%%
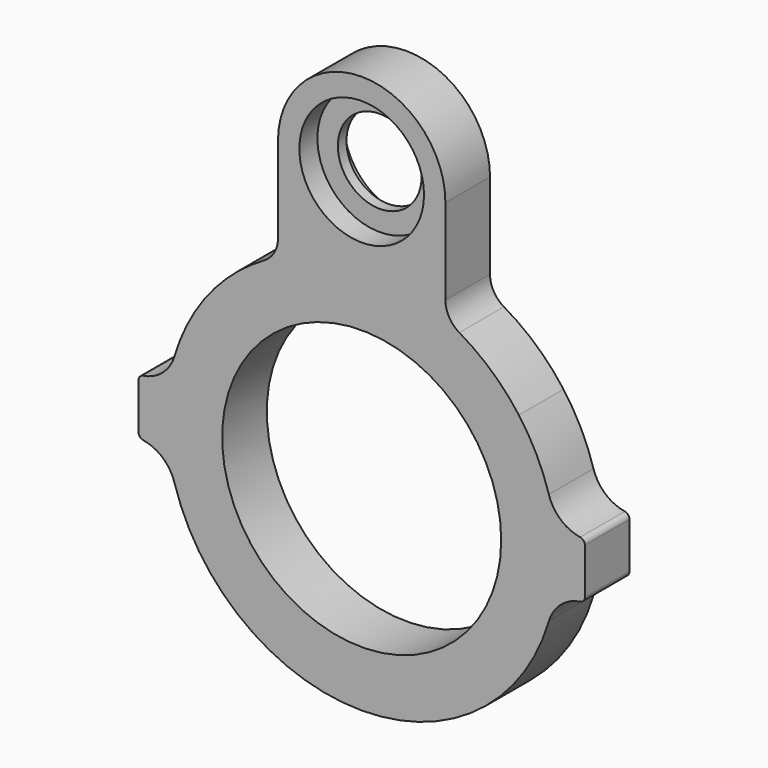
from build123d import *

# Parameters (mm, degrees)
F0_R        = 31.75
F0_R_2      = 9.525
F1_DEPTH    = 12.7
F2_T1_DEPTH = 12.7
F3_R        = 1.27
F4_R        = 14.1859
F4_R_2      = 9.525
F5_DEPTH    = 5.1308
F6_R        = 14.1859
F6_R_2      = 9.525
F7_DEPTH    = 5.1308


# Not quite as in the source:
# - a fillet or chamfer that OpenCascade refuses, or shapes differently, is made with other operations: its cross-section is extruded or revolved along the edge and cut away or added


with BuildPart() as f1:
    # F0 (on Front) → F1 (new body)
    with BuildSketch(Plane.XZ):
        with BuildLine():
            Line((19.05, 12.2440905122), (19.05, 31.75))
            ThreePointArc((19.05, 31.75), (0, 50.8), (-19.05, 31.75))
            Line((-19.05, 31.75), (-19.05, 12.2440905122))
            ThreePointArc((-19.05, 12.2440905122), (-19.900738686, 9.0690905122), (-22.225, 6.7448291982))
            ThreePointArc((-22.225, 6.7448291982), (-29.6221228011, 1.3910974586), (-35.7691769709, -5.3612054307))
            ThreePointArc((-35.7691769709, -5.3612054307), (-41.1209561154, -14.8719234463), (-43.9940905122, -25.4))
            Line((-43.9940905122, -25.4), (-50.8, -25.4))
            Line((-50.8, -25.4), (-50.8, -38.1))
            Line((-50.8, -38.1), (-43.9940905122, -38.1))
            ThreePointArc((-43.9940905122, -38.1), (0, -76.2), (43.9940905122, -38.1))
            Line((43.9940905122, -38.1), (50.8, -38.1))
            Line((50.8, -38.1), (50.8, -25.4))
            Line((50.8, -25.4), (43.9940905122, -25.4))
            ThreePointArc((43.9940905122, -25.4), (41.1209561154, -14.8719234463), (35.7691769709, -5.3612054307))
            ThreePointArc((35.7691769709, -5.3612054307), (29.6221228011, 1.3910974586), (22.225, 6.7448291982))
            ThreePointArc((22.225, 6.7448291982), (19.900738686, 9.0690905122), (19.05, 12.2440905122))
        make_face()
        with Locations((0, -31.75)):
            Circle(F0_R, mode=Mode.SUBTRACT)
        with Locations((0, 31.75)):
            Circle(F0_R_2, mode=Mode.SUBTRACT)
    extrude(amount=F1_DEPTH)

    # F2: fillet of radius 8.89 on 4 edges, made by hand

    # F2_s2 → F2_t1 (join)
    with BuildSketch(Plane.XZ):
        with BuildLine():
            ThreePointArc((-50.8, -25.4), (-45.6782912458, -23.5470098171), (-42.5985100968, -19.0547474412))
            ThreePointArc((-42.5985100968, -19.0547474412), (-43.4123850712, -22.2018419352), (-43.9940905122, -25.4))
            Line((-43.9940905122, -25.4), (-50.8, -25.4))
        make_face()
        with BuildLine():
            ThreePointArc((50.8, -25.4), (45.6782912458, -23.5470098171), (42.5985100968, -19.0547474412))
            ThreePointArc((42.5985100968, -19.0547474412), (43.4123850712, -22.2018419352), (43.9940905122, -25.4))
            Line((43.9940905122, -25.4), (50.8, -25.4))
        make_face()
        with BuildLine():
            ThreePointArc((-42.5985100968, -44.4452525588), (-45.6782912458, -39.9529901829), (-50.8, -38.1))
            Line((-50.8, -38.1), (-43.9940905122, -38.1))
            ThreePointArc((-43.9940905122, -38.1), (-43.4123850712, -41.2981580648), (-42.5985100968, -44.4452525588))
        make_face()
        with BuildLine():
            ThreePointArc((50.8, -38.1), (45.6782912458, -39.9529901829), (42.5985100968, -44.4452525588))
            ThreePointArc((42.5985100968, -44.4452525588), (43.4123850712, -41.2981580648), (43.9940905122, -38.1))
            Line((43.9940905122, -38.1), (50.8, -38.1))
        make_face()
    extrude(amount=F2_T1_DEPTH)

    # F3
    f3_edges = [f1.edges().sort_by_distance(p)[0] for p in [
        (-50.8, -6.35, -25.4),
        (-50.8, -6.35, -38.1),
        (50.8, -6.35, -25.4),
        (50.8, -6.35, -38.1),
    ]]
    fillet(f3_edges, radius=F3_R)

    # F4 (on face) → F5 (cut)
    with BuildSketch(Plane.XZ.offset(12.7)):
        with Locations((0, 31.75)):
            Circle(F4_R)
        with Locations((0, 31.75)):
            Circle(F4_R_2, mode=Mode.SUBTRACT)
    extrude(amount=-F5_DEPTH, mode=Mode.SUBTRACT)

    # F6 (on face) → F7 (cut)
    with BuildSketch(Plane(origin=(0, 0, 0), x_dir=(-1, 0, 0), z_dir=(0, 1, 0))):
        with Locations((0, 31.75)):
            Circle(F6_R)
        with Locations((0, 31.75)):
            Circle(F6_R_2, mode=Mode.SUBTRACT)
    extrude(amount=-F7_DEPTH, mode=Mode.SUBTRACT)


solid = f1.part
%%
__YOUR OBJECTIVE__
Repeat the exact lines from the first line of the data through the line containing "Line((50.8, -25.4), (43.9940905122, -25.4))". Nothing else, no pictures.

__COMPLETED TASK__
from build123d import *

# Parameters (mm, degrees)
F0_R        = 31.75
F0_R_2      = 9.525
F1_DEPTH    = 12.7
F2_T1_DEPTH = 12.7
F3_R        = 1.27
F4_R        = 14.1859
F4_R_2      = 9.525
F5_DEPTH    = 5.1308
F6_R        = 14.1859
F6_R_2      = 9.525
F7_DEPTH    = 5.1308


# Not quite as in the source:
# - a fillet or chamfer that OpenCascade refuses, or shapes differently, is made with other operations: its cross-section is extruded or revolved along the edge and cut away or added


with BuildPart() as f1:
    # F0 (on Front) → F1 (new body)
    with BuildSketch(Plane.XZ):
        with BuildLine():
            Line((19.05, 12.2440905122), (19.05, 31.75))
            ThreePointArc((19.05, 31.75), (0, 50.8), (-19.05, 31.75))
            Line((-19.05, 31.75), (-19.05, 12.2440905122))
            ThreePointArc((-19.05, 12.2440905122), (-19.900738686, 9.0690905122), (-22.225, 6.7448291982))
            ThreePointArc((-22.225, 6.7448291982), (-29.6221228011, 1.3910974586), (-35.7691769709, -5.3612054307))
            ThreePointArc((-35.7691769709, -5.3612054307), (-41.1209561154, -14.8719234463), (-43.9940905122, -25.4))
            Line((-43.9940905122, -25.4), (-50.8, -25.4))
            Line((-50.8, -25.4), (-50.8, -38.1))
            Line((-50.8, -38.1), (-43.9940905122, -38.1))
            ThreePointArc((-43.9940905122, -38.1), (0, -76.2), (43.9940905122, -38.1))
            Line((43.9940905122, -38.1), (50.8, -38.1))
            Line((50.8, -38.1), (50.8, -25.4))
            Line((50.8, -25.4), (43.9940905122, -25.4))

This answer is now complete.